Analysis of microbial extracellular polysaccharides in biofilms by HPLC. Part I: Development of the analytical method using two complementary stationary phases.

The investigation of microbial extracellular polymeric substances (EPS) is helpful for the implementation of analytical methods which are suitable for biofilm analysis in order to understand the architecture and function of biofilms. A procedure for the qualitative and quantitative determination of various monosaccharides, oligosaccharides and uronic acids as important components of the carbohydrate fraction of microbial EPS by high-performance liquid chromatography (HPLC) and refractive index (RI)/UV detection is presented. Porous graphitic carbon and lead-form cation-exchanger have been examined as stationary phases. Therefore, two complementary HPLC methods are presented.
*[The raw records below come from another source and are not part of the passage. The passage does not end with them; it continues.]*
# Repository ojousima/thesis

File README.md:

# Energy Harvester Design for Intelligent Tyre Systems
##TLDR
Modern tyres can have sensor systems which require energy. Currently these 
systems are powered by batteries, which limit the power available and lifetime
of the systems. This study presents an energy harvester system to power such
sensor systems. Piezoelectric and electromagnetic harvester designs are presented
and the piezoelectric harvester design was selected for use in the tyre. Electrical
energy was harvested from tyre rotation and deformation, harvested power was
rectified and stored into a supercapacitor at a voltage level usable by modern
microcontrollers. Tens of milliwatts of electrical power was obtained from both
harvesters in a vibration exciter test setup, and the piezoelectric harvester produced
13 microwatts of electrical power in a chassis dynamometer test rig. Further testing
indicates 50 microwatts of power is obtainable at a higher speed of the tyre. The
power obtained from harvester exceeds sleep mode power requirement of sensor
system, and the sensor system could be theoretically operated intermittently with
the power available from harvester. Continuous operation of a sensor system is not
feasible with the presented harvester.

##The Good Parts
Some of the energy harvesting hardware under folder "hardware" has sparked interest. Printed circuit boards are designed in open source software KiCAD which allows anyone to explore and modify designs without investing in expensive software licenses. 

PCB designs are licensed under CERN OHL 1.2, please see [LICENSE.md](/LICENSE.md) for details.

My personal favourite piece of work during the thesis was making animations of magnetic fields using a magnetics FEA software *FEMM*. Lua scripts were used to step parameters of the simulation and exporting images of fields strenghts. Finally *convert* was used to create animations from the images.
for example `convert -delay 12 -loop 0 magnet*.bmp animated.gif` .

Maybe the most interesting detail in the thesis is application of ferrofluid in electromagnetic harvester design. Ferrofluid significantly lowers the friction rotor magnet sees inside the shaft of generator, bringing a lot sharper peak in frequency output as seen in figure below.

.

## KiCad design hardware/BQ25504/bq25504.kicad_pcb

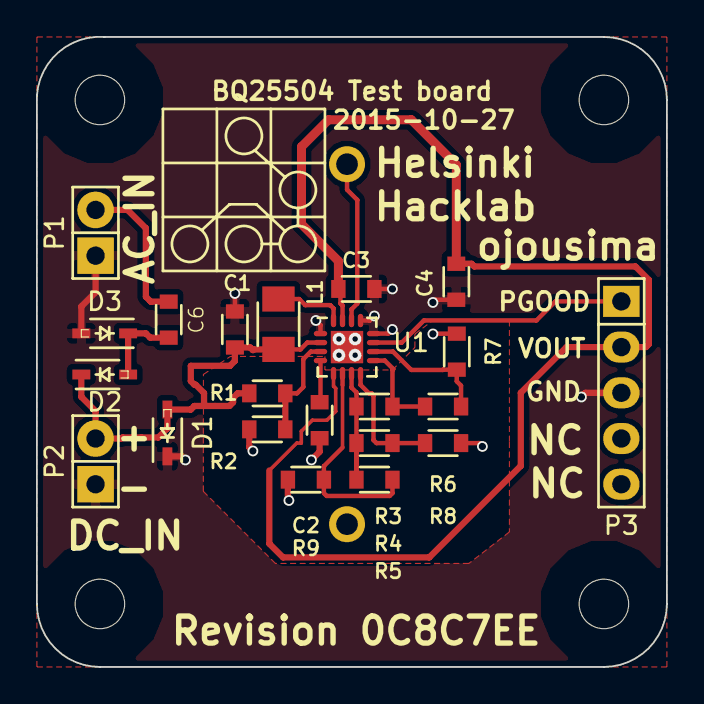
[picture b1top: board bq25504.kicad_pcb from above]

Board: 2 copper layers, 35.0 x 35.0 mm, 27 parts (1 on the bottom side), 15 nets.

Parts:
C1, C2, C3, C4, C6: C; SMD0603_A
C5: EECRG0V155(V|H)N; EECRG0V155HN
D1: TVS; SOD-323-A
D2, D3: D_Schottky; SOD-323-A
L1: INDUCTOR_SMALL; SMD1206_A
NC1, NC2, NC3, NC4: Mounting_hole; m2.5_mechanical_npth_mount
P1, P2: CONN_01X02; Pin_Header_Straight_1x02
P3: CONN_01X03; Pin_Header_Straight_1x05
R1, R2, R3, R4, R5, R6, R7, R8, R9: R_Small; SMD0603_A
U1: BQ25504; QFN-16-1EP_3x3mm_Pitch0.5mm

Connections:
/HYST: R3.2, R6.1, U1.9
/PROG: R6.2, R7.1, U1.10
/VBAT_OK: P3.1, U1.11
/VBOV: R5.2, R9.1, U1.6
/VBUV: R4.2, R8.1, U1.8
/V_IN: C1.1, D1.2, D2.1, L1.1, P2.2, R1.1, U1.2
/V_OC_SAMP: R1.2, R2.1, U1.3
/V_RDIV: R3.1, R4.1, R5.1, U1.7
/V_REF: C2.2, U1.4
/V_SYS: C3.1, C4.1, P3.2, U1.5, U1.15
GND: C1.2, C2.1, C3.2, C4.2, C5.2, D1.1, D3.2, P1.1, P2.1, P3.3, R2.2, R7.2, R8.2, R9.2, U1.1, U1.12, U1.13, U1.17
unnamed: C5.1, U1.14
unnamed: C6.1, D2.2, D3.1
unnamed: C6.2, P1.2
unnamed: L1.2, U1.16

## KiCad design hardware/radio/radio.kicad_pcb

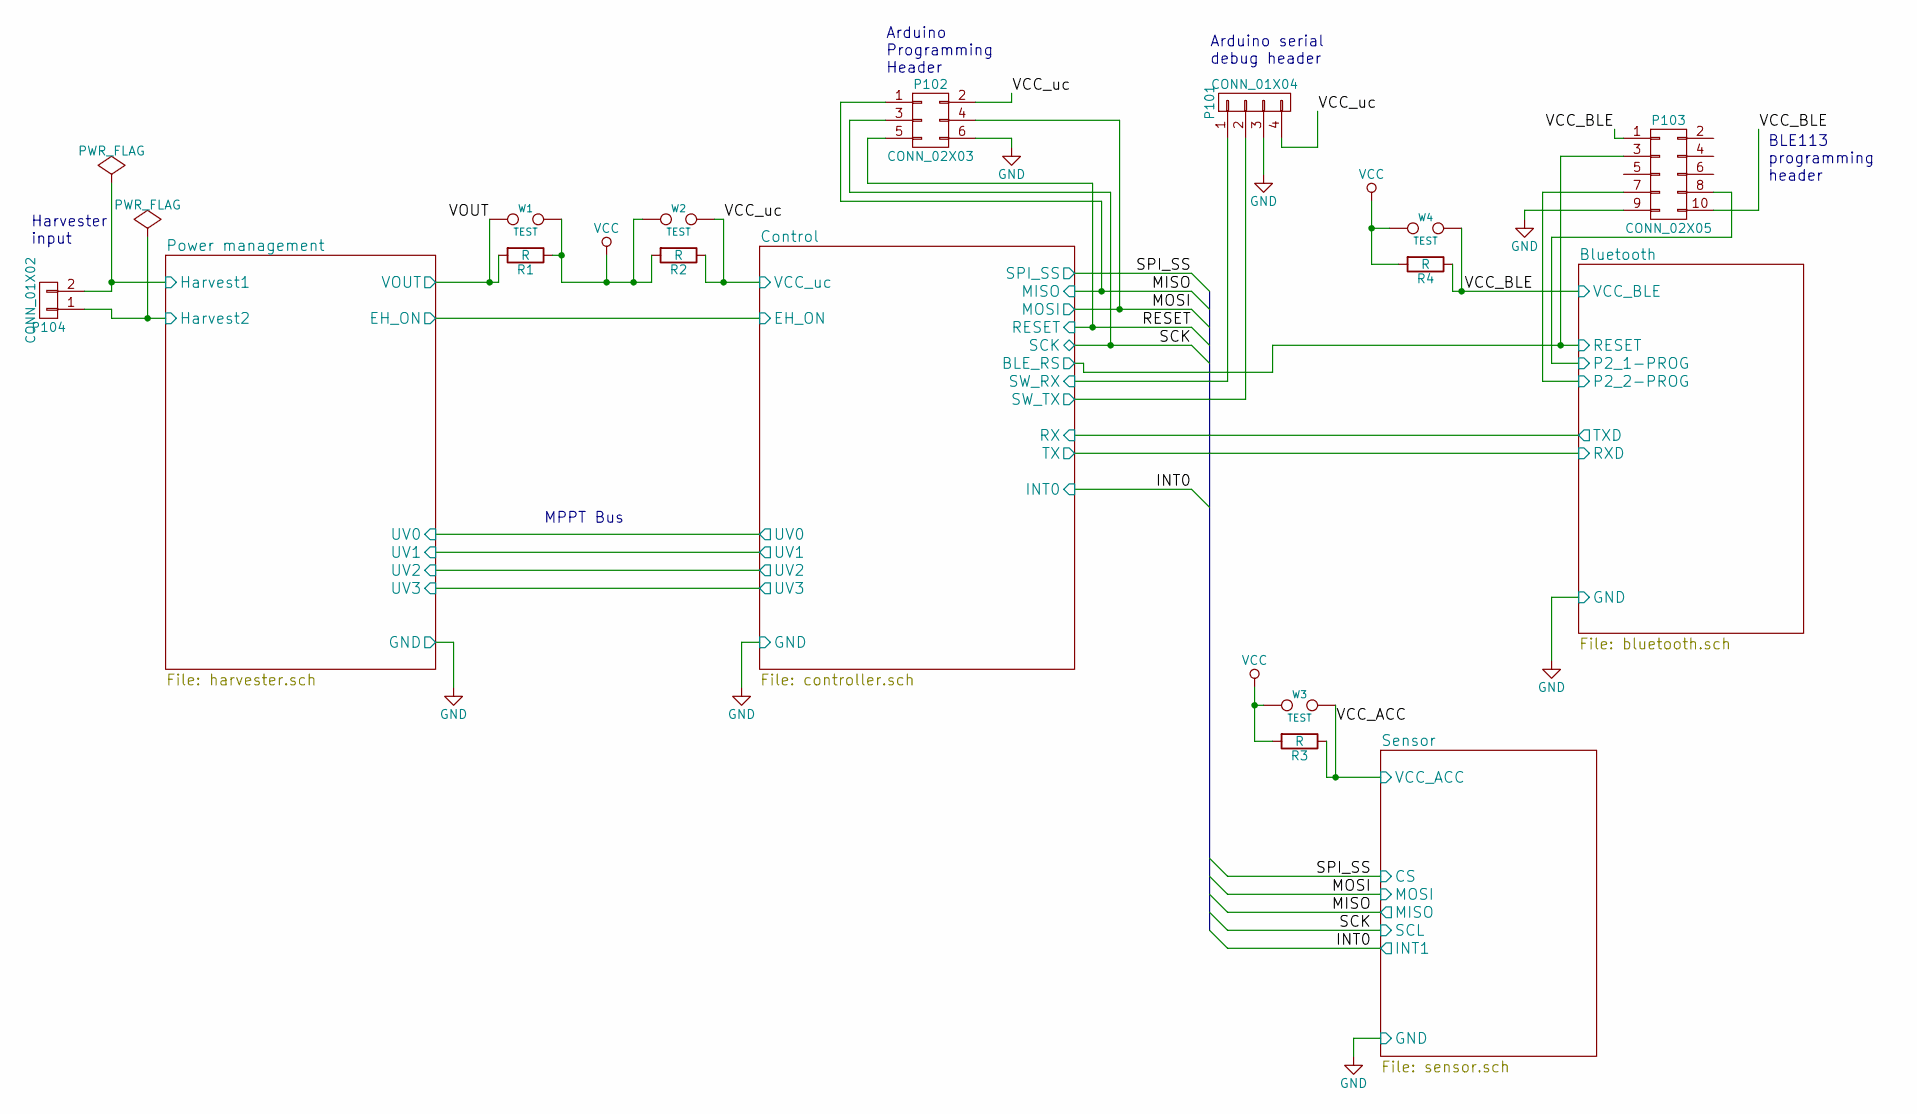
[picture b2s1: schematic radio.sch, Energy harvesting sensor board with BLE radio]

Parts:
P101: CONN_01X04; Pin_Header_Straight_1x04
P102: CONN_02X03; Pin_Header_Straight_2x03
P103: CONN_02X05; Pin_Header_Straight_2x05_Pitch1.27mm
P104: CONN_01X02; Pin_Header_Straight_1x02
R1, R2, R3, R4: R; R_0603
W1, W2, W3, W4: TEST; Test_pair_TH_small

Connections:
/Bluetooth/P2_1-PROG: P103.8; also elsewhere on the board
/Bluetooth/P2_2-PROG: P103.7; also elsewhere on the board
/Bluetooth/VCC_BLE: P103.1, P103.10, R4.1, W4.2; also elsewhere on the board
/Control/BLE_RS: P103.3; also elsewhere on the board
/Control/MISO: P102.1; also elsewhere on the board
/Control/MOSI: P102.4; also elsewhere on the board
/Control/RESET: P102.5; also elsewhere on the board
/Control/SCK: P102.3; also elsewhere on the board
/Control/SW_RX: P101.1; also elsewhere on the board
/Control/SW_TX: P101.2; also elsewhere on the board
/Control/VCC_uc: P101.4, P102.2, R2.1, W2.2; also elsewhere on the board
/Power management/Harvest1: P104.2; also elsewhere on the board
/Power management/Harvest2: P104.1; also elsewhere on the board
/Power management/VOUT: R1.2, W1.1; also elsewhere on the board
/Sensor/VCC_ACC: R3.1, W3.2; also elsewhere on the board
GND: P101.3, P102.6, P103.9; also elsewhere on the board
VCC: R1.1, R2.2, R3.2, R4.2, W1.2, W2.1, W3.1, W4.1

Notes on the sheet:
Harvester input
MPPT Bus
BLE113 programming header
Arduino Programming Header
Arduino serial debug header

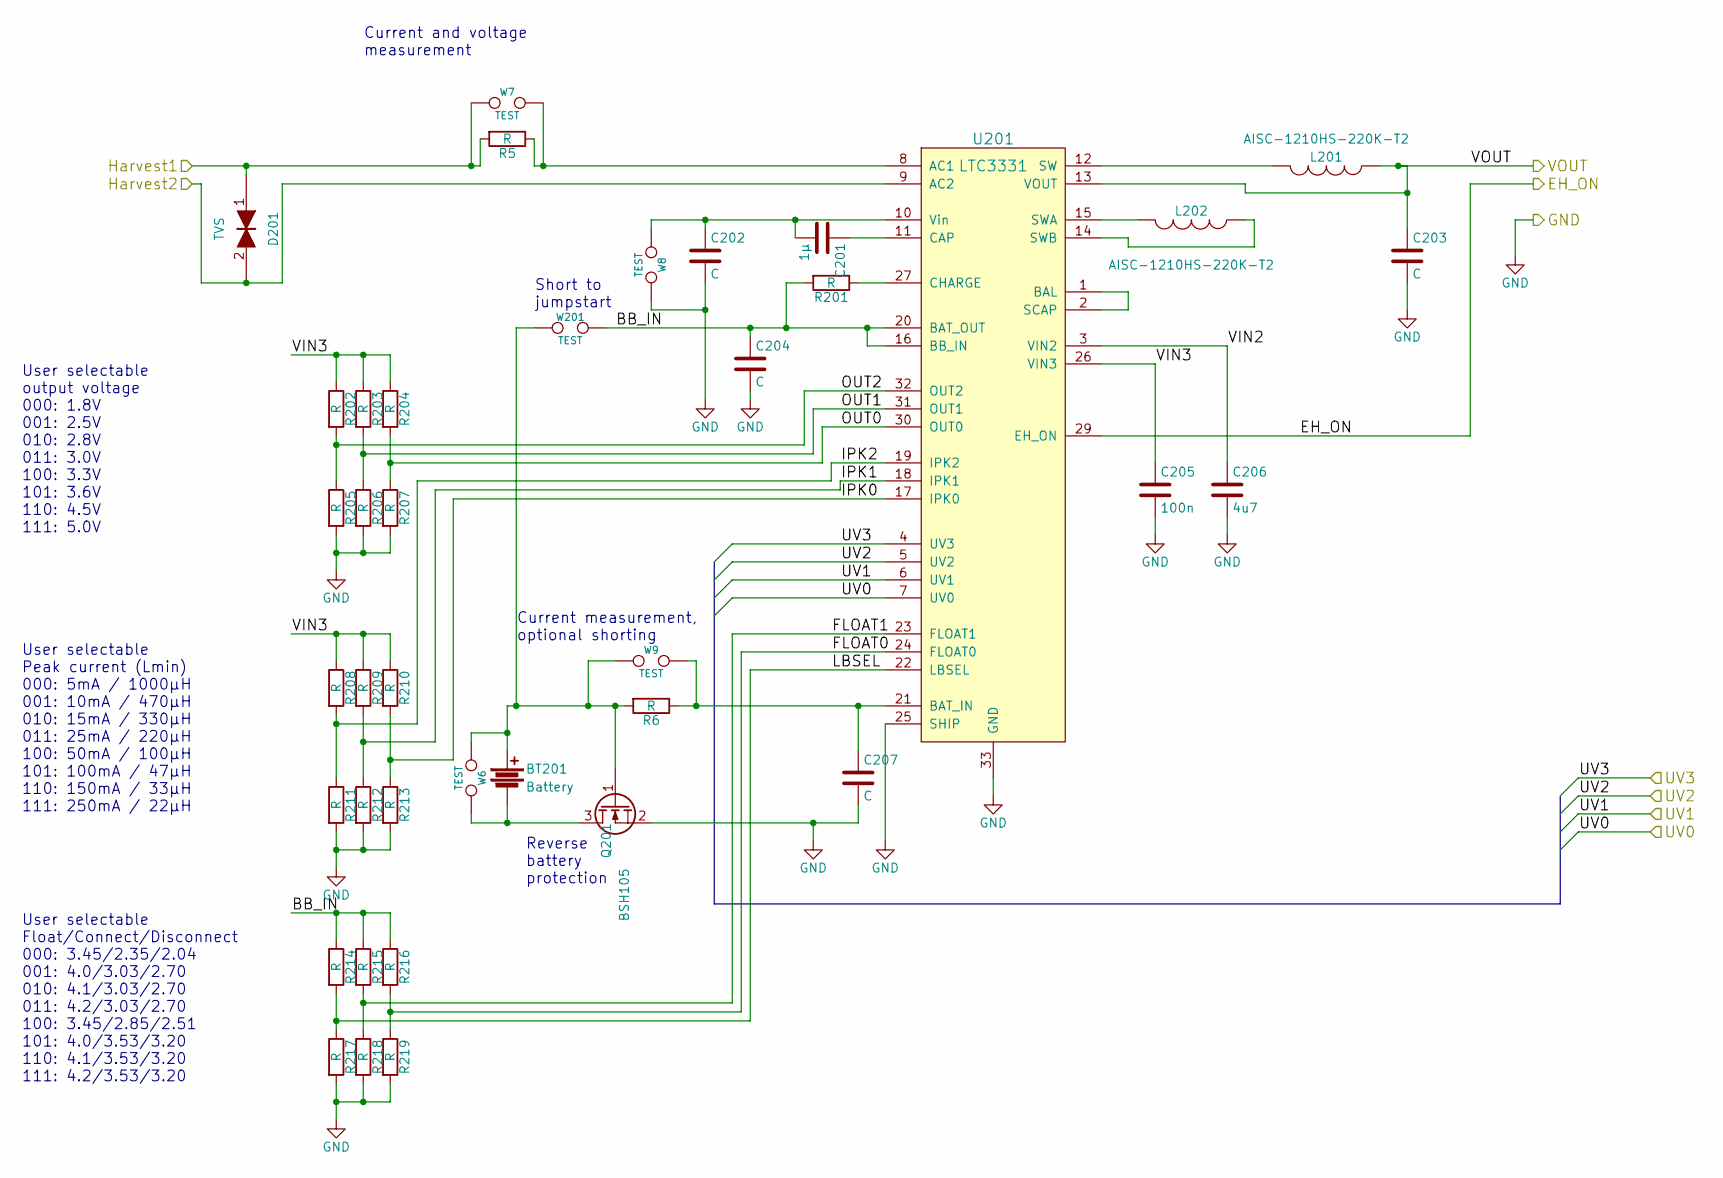
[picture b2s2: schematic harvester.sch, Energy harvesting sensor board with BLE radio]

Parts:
BT201: Battery; CR2032-holder-S8421R
C201: 1µ; C_0603
C202, C203, C204, C207: C; C_0603
C205: 100n; C_0603
C206: 4u7; C_0603
D201: TVS; SOD-323
L201, L202: AISC-1210HS-220K-T2; R_1210
Q201: BSH105
R5, R6, R201, R202, R203, R204, R205, R206, R207, R208, R209, R210, R211, R212, R213, R214, R215, R216, R217, R218, R219: R; R_0603
U201: LTC3331; QFN-32-1EP_5x5mm_Pitch0.5mm
W6, W8: TEST; Test_pair_TH_tiny
W7, W9, W201: TEST; Test_pair_TH_small

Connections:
/Control/EH_ON: U201.29 (EH_ON); also elsewhere on the board
/Control/UV0: U201.7 (UV0); also elsewhere on the board
/Control/UV1: U201.6 (UV1); also elsewhere on the board
/Control/UV2: U201.5 (UV2); also elsewhere on the board
/Control/UV3: U201.4 (UV3); also elsewhere on the board
/Power management/BB_IN: C204.1, R201.2, R214.1, R215.1, R216.1, U201.16 (BB_IN), U201.20 (BAT_OUT), W201.2
/Power management/FLOAT0: R216.2, R219.1, U201.24 (FLOAT0)
/Power management/FLOAT1: R215.2, R218.1, U201.23 (FLOAT1)
/Power management/Harvest1: D201.1, R5.2, W7.1; also elsewhere on the board
/Power management/Harvest2: D201.2, U201.9 (AC2); also elsewhere on the board
/Power management/IPK0: R210.2, R213.1, U201.17 (IPK0)
/Power management/IPK1: R209.2, R212.1, U201.18 (IPK1)
/Power management/IPK2: R208.2, R211.1, U201.19 (IPK2)
/Power management/LBSEL: R214.2, R217.1, U201.22 (LBSEL)
/Power management/OUT0: R204.2, R207.1, U201.30 (OUT0)
/Power management/OUT1: R203.2, R206.1, U201.31 (OUT1)
/Power management/OUT2: R202.2, R205.1, U201.32 (OUT2)
/Power management/VIN2: C206.1, U201.3 (VIN2)
/Power management/VIN3: C205.1, R202.1, R203.1, R204.1, R208.1, R209.1, R210.1, U201.26 (VIN3)
/Power management/VOUT: C203.1, L201.1, U201.13 (VOUT); also elsewhere on the board
GND: C202.2, C203.2, C204.2, C205.2, C206.2, C207.2, Q201.2 (S), R205.2, R206.2, R207.2, R211.2, R212.2, R213.2, R217.2, R218.2, R219.2, U201.25 (SHIP), U201.33 (GND), W8.2; also elsewhere on the board
unnamed: BT201.1, Q201.1 (G), R6.2, W6.1, W9.1, W201.1
unnamed: BT201.2, Q201.3 (D), W6.2
unnamed: C201.1, U201.11 (CAP)
unnamed: C201.2, C202.1, U201.10 (Vin), W8.1
unnamed: C207.1, R6.1, U201.21 (BAT_IN), W9.2
unnamed: L201.2, U201.12 (SW)
unnamed: L202.1, U201.14 (SWB)
unnamed: L202.2, U201.15 (SWA)
unnamed: R5.1, U201.8 (AC1), W7.2
unnamed: R201.1, U201.27 (CHARGE)
unnamed: U201.1 (BAL), U201.2 (SCAP)

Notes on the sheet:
User selectable output voltage 000: 1.8V 001: 2.5V 010: 2.8V 011: 3.0V 100: 3.3V 101: 3.6V 110: 4.5V 111: 5.0V
User selectable Float/Connect/Disconnect 000: 3.45/2.35/2.04 001: 4.0/3.03/2.70 010: 4.1/3.03/2.70 011: 4.2/3.03/2.70 100: 3.45/2.85/2.51 101: 4.0/3.53/3.20 110: 4.1/3.53/3.20 111: 4.2/3.53/3.20
User selectable Peak current (Lmin) 000: 5mA / 1000µH 001: 10mA / 470µH 010: 15mA / 330µH 011: 25mA / 220µH 100: 50mA / 100µH 101: 100mA / 47µH 110: 150mA / 33µH 111: 250mA / 22µH
Reverse battery protection
Current measurement, optional shorting
Current and voltage measurement
Short to jumpstart

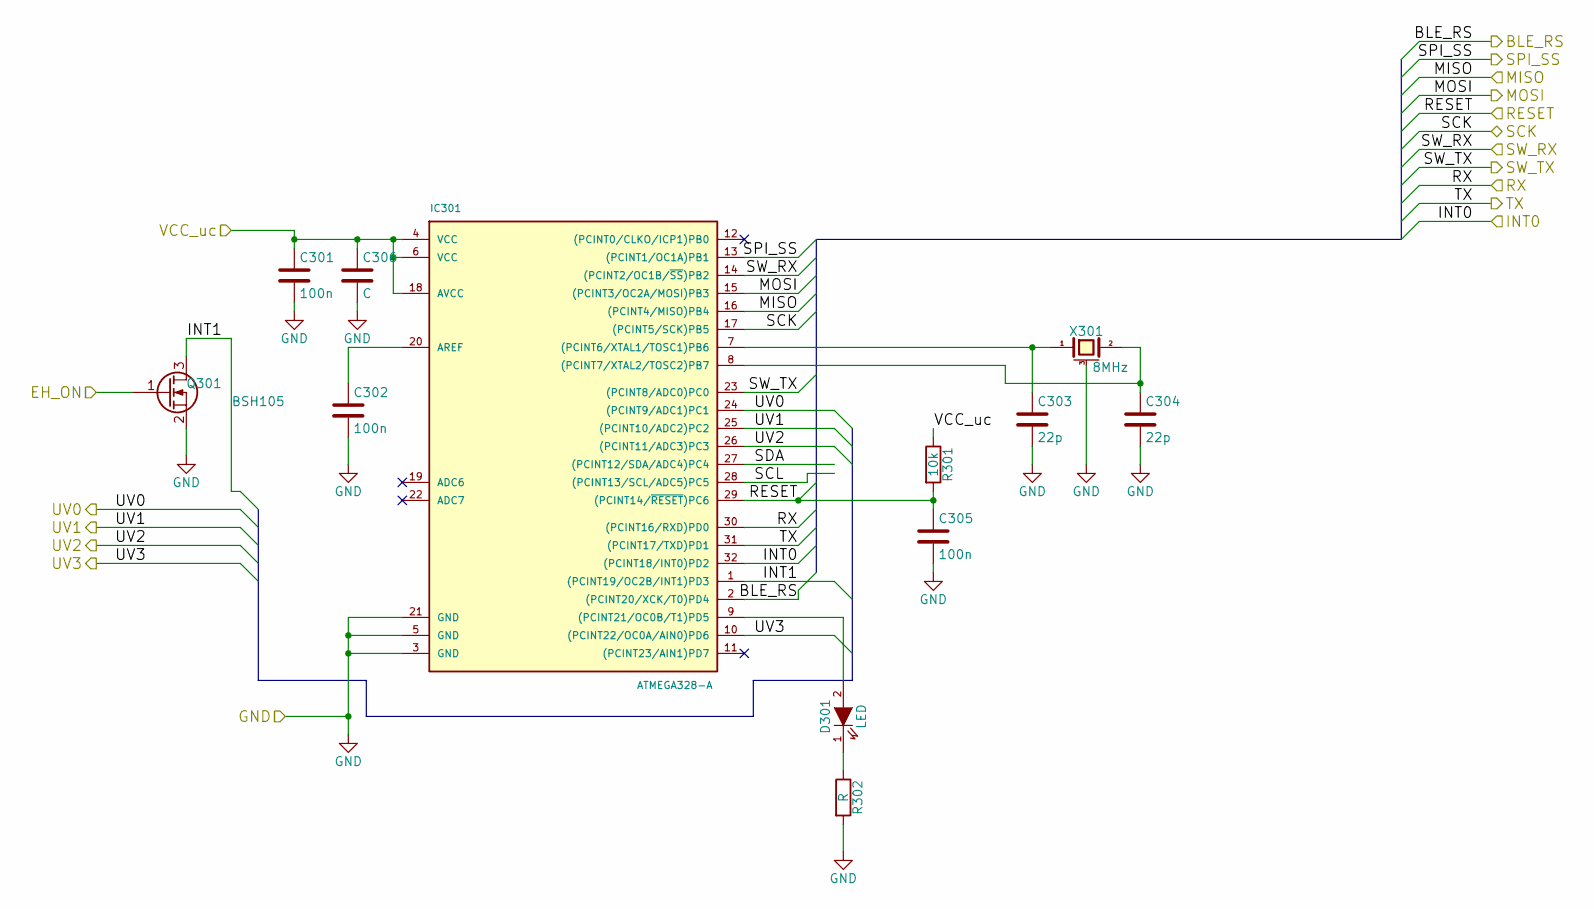
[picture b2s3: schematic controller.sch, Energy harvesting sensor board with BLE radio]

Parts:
C301, C302, C305: 100n; C_0603
C303, C304: 22p; C_0603
C306: C; C_0603
D301: LED; LED-0603
IC301: ATMEGA328-A; TQFP-32_7x7mm_Pitch0.8mm
Q301: BSH105
R301: 10k; R_0603
R302: R; R_0603
X301: 8MHz; crystal_FA238-TSX3225

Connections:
/Bluetooth/RXD: IC301.31 ((PCINT17/TXD)PD1); also elsewhere on the board
/Control/BLE_RS: IC301.2 ((PCINT20/XCK/T0)PD4); also elsewhere on the board
/Control/EH_ON: Q301.1 (G); also elsewhere on the board
/Control/INT0: IC301.32 ((PCINT18/INT0)PD2); also elsewhere on the board
/Control/INT1: IC301.1 ((PCINT19/OC2B/INT1)PD3), Q301.3 (D)
/Control/MISO: IC301.16 ((PCINT4/MISO)PB4); also elsewhere on the board
/Control/MOSI: IC301.15 ((PCINT3/OC2A/MOSI)PB3); also elsewhere on the board
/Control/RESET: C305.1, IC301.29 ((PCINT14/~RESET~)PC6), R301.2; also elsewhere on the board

To simulate the conditions of hydrolysis, the influences of various salts, acids and alkalis as matrix components have been investigated. Furthermore, the dependencies on the pH value and temperature of the mobile phase have been thoroughly studied. The results showed that the lead-form cation-exchanger is suitable for the separation of the neutral monosaccharides. However, for direct analysis after acidic hydrolysis with H(2)SO(4), HCl or trifluoroacetic acid, an additional purification step, e.g., precipitation or lyophilization, is necessary when the cation-exchanger is used. With the exception of hydrolysis with HCl, the porous graphitic carbon stationary phase can be used without any further purification step and is appropriate for the separation of uronic acids and their gamma-lactones. Additionally, the separation of a single monosaccharide and its derivatives is possible. Analytical parameters including the sensitivities, repeatabilities, limits of detection and limits of quantification of both HPLC methods using the RI detector are presented. The optimized method has been applied for the characterization of alginates and is also suitable for other extracellular polysaccharides in biofilms.